Would you please output only the lines from the one containing "5950 3700 5650 3700" through the end of the entries below, exactly as written?

## EXCERPTED DATA
━━━━━━━━━━

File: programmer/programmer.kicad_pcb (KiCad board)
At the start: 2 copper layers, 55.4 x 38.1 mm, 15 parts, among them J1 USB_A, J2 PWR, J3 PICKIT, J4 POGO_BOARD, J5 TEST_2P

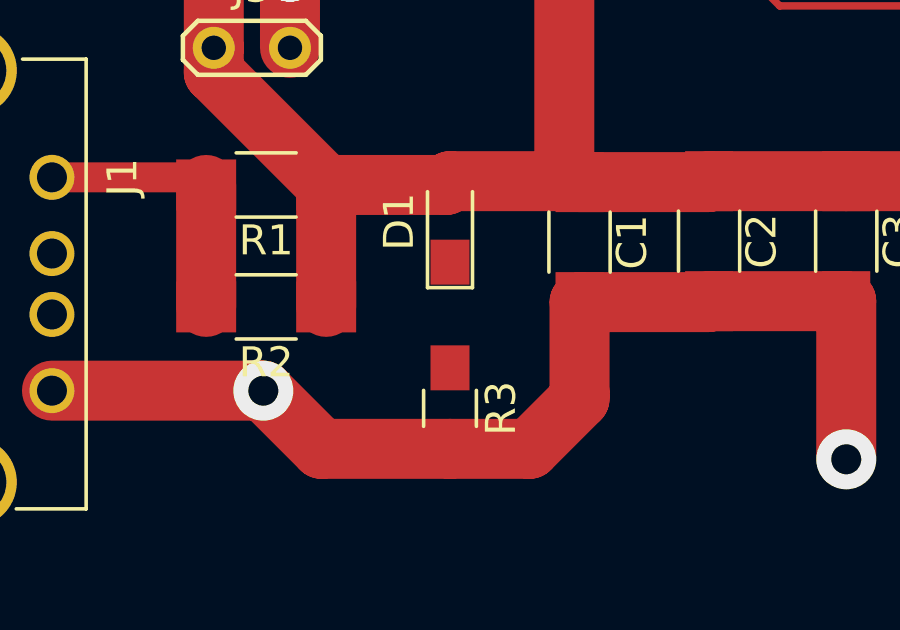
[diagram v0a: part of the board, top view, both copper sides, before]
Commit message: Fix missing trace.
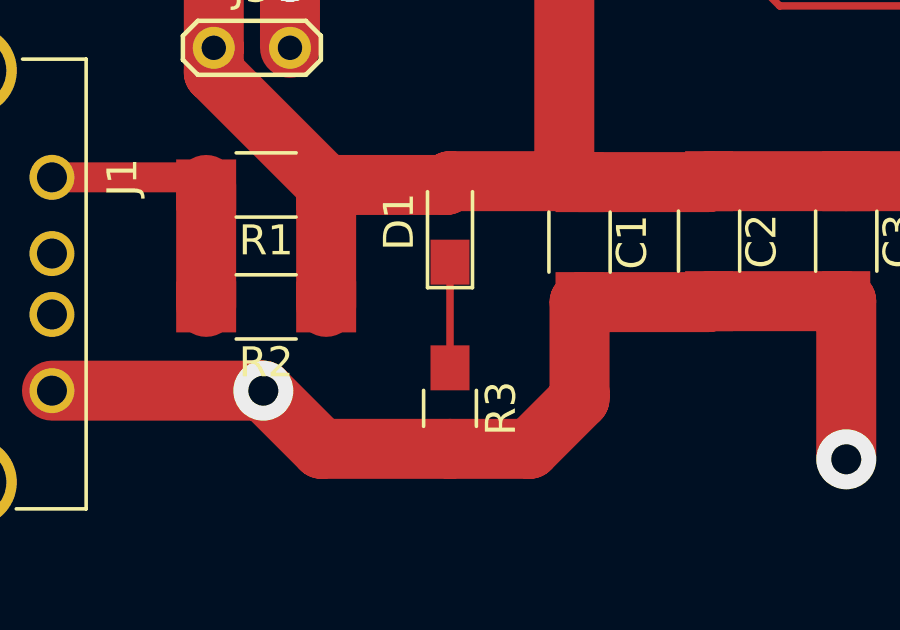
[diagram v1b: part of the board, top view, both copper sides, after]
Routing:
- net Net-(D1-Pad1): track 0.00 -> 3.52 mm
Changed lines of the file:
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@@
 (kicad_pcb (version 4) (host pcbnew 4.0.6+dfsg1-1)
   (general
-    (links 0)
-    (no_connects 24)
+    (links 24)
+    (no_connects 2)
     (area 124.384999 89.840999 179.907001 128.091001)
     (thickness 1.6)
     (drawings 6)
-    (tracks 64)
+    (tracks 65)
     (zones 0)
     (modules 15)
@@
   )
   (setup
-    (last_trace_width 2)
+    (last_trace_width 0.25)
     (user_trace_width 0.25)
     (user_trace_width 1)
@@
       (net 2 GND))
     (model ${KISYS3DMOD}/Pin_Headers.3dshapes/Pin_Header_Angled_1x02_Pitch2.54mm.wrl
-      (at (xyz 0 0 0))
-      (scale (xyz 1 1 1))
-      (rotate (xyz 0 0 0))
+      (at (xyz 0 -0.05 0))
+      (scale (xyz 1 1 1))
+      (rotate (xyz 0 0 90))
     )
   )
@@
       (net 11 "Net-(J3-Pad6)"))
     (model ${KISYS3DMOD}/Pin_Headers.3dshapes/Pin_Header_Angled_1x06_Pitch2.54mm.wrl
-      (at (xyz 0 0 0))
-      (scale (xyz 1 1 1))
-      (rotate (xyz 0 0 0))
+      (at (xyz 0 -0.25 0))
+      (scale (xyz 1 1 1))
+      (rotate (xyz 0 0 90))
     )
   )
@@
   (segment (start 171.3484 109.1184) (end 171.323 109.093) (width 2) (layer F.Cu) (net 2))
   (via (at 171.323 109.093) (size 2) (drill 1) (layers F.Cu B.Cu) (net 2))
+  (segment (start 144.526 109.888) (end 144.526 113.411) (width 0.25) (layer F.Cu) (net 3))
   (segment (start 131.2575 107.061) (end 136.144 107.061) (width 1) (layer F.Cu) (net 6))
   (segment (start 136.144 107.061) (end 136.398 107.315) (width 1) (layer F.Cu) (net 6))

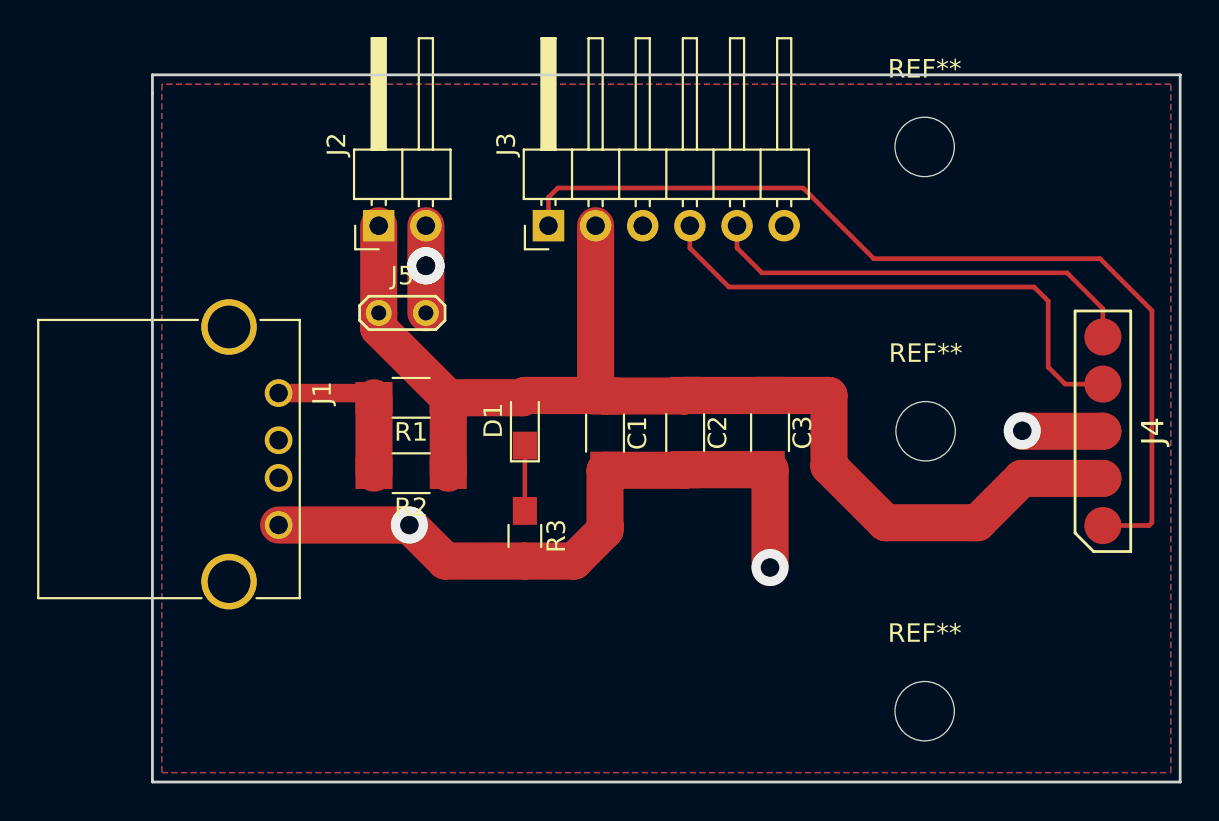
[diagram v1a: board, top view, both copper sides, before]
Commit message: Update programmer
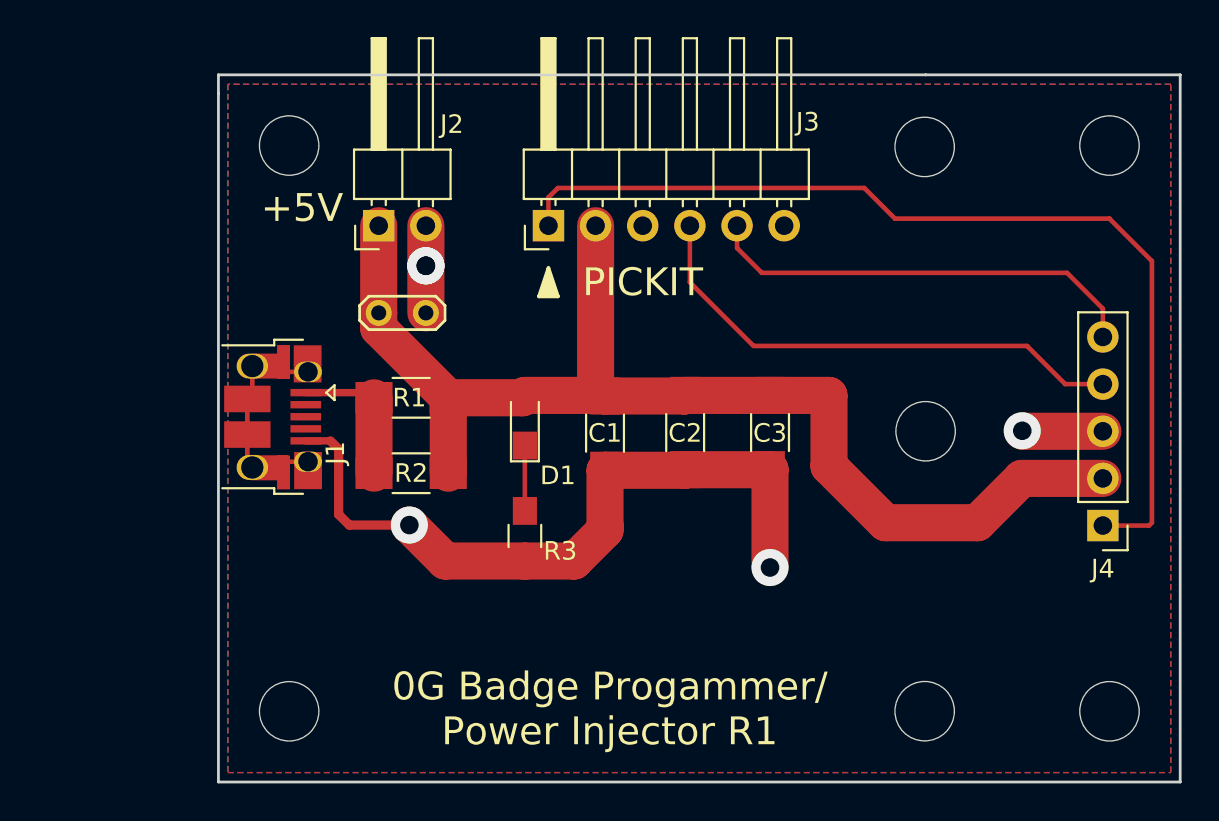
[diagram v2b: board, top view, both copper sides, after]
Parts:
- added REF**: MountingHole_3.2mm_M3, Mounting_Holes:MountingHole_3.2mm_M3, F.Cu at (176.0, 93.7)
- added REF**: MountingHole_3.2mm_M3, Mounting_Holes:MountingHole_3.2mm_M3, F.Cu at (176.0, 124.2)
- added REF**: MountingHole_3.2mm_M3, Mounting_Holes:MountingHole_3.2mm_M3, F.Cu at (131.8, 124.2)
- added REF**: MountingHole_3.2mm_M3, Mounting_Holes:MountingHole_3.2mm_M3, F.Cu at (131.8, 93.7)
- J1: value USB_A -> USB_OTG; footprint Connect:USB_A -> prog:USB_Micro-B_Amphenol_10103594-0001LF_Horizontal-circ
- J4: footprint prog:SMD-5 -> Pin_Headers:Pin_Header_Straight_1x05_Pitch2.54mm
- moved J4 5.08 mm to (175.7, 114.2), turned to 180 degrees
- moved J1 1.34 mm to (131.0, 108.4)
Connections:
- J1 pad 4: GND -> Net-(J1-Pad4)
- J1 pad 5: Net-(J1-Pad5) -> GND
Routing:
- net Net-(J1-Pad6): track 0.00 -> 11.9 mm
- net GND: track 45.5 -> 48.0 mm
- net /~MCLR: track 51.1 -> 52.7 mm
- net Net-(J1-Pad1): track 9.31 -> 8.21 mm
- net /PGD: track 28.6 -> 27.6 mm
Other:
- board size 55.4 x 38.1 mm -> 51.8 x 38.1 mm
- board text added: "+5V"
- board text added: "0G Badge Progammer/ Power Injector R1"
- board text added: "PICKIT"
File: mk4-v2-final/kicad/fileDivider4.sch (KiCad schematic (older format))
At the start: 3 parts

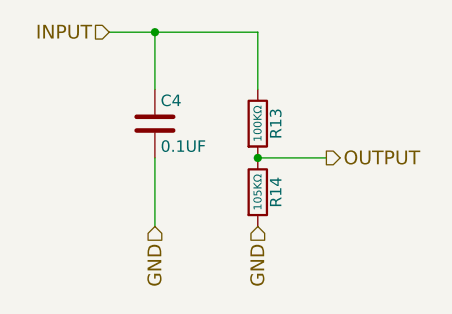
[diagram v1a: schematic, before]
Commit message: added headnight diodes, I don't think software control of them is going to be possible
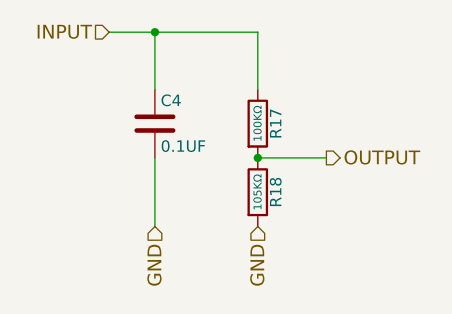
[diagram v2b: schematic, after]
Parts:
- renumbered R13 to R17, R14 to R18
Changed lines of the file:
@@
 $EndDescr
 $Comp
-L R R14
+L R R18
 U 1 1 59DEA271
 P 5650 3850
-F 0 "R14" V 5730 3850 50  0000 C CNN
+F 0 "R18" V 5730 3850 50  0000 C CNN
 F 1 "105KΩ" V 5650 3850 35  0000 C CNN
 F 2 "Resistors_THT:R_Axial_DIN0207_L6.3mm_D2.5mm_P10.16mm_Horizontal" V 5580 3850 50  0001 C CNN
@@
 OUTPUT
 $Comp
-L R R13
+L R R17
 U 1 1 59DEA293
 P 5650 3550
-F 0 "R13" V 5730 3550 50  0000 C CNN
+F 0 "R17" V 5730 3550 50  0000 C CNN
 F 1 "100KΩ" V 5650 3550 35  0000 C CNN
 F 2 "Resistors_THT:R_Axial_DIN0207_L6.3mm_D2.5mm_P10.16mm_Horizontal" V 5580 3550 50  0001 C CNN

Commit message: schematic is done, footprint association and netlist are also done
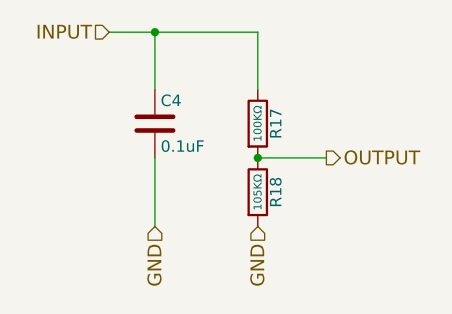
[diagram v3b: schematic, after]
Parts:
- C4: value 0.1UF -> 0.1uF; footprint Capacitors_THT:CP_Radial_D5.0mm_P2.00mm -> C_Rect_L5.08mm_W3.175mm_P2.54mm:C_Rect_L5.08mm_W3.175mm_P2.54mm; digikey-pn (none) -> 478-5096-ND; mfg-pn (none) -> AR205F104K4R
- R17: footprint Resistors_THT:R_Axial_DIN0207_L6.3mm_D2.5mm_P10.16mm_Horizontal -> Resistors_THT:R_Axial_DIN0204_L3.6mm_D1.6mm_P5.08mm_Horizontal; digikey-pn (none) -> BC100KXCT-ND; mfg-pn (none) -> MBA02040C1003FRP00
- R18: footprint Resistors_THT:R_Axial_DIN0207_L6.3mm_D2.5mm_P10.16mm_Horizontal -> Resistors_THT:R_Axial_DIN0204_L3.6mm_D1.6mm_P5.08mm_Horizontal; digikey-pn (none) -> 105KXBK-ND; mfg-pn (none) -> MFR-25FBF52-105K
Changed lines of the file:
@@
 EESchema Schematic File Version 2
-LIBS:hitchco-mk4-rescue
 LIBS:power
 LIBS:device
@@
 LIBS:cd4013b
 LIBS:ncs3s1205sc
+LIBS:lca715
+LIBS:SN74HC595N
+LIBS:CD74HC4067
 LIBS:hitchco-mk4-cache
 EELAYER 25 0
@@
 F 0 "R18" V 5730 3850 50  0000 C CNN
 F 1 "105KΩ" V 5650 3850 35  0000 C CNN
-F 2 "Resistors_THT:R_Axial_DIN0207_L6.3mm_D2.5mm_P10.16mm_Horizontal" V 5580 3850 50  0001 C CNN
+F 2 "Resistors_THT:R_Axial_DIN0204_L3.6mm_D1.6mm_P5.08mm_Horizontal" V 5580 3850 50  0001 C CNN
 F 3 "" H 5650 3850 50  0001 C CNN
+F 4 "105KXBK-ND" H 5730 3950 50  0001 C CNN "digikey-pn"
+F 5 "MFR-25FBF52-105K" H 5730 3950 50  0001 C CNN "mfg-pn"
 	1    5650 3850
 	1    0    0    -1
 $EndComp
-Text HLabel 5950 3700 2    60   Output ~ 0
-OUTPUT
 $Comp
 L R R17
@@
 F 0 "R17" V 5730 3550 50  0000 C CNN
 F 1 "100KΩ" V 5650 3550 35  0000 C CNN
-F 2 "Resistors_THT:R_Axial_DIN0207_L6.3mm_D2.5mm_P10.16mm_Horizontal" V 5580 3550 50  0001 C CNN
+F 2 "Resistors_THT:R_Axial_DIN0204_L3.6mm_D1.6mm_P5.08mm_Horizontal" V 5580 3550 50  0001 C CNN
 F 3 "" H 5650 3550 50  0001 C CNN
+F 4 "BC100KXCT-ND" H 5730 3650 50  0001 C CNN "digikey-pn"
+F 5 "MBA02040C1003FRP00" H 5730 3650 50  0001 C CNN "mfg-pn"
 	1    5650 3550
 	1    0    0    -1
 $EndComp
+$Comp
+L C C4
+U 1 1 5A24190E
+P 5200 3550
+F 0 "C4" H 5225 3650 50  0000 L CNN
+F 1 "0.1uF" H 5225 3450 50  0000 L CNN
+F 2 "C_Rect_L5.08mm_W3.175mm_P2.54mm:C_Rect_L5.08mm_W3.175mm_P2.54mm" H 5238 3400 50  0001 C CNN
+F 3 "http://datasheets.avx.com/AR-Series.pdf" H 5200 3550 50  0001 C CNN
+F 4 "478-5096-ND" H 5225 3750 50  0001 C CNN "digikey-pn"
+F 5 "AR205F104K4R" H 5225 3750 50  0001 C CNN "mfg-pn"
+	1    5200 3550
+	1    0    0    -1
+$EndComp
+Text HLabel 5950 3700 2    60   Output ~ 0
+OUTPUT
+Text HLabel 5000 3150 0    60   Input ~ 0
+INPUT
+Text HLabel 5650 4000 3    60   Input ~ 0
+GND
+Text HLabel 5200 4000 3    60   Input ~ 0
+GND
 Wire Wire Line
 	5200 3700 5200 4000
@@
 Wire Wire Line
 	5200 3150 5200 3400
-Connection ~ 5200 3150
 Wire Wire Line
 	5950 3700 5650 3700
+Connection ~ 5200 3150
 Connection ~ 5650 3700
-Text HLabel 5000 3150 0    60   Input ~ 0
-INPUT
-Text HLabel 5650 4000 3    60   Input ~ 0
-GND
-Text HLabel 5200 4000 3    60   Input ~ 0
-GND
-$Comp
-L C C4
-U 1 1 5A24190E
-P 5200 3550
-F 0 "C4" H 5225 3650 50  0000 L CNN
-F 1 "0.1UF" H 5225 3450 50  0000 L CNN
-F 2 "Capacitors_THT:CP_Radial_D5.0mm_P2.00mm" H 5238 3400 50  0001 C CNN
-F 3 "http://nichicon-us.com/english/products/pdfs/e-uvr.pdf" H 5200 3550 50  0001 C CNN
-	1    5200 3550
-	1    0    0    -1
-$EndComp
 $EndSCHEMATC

━━━━━━━━━━

## YOUR RESPONSE
 	5950 3700 5650 3700
+Connection ~ 5200 3150
 Connection ~ 5650 3700
-Text HLabel 5000 3150 0    60   Input ~ 0
-INPUT
-Text HLabel 5650 4000 3    60   Input ~ 0
-GND
-Text HLabel 5200 4000 3    60   Input ~ 0
-GND
-$Comp
-L C C4
-U 1 1 5A24190E
-P 5200 3550
-F 0 "C4" H 5225 3650 50  0000 L CNN
-F 1 "0.1UF" H 5225 3450 50  0000 L CNN
-F 2 "Capacitors_THT:CP_Radial_D5.0mm_P2.00mm" H 5238 3400 50  0001 C CNN
-F 3 "http://nichicon-us.com/english/products/pdfs/e-uvr.pdf" H 5200 3550 50  0001 C CNN
-	1    5200 3550
-	1    0    0    -1
-$EndComp
 $EndSCHEMATC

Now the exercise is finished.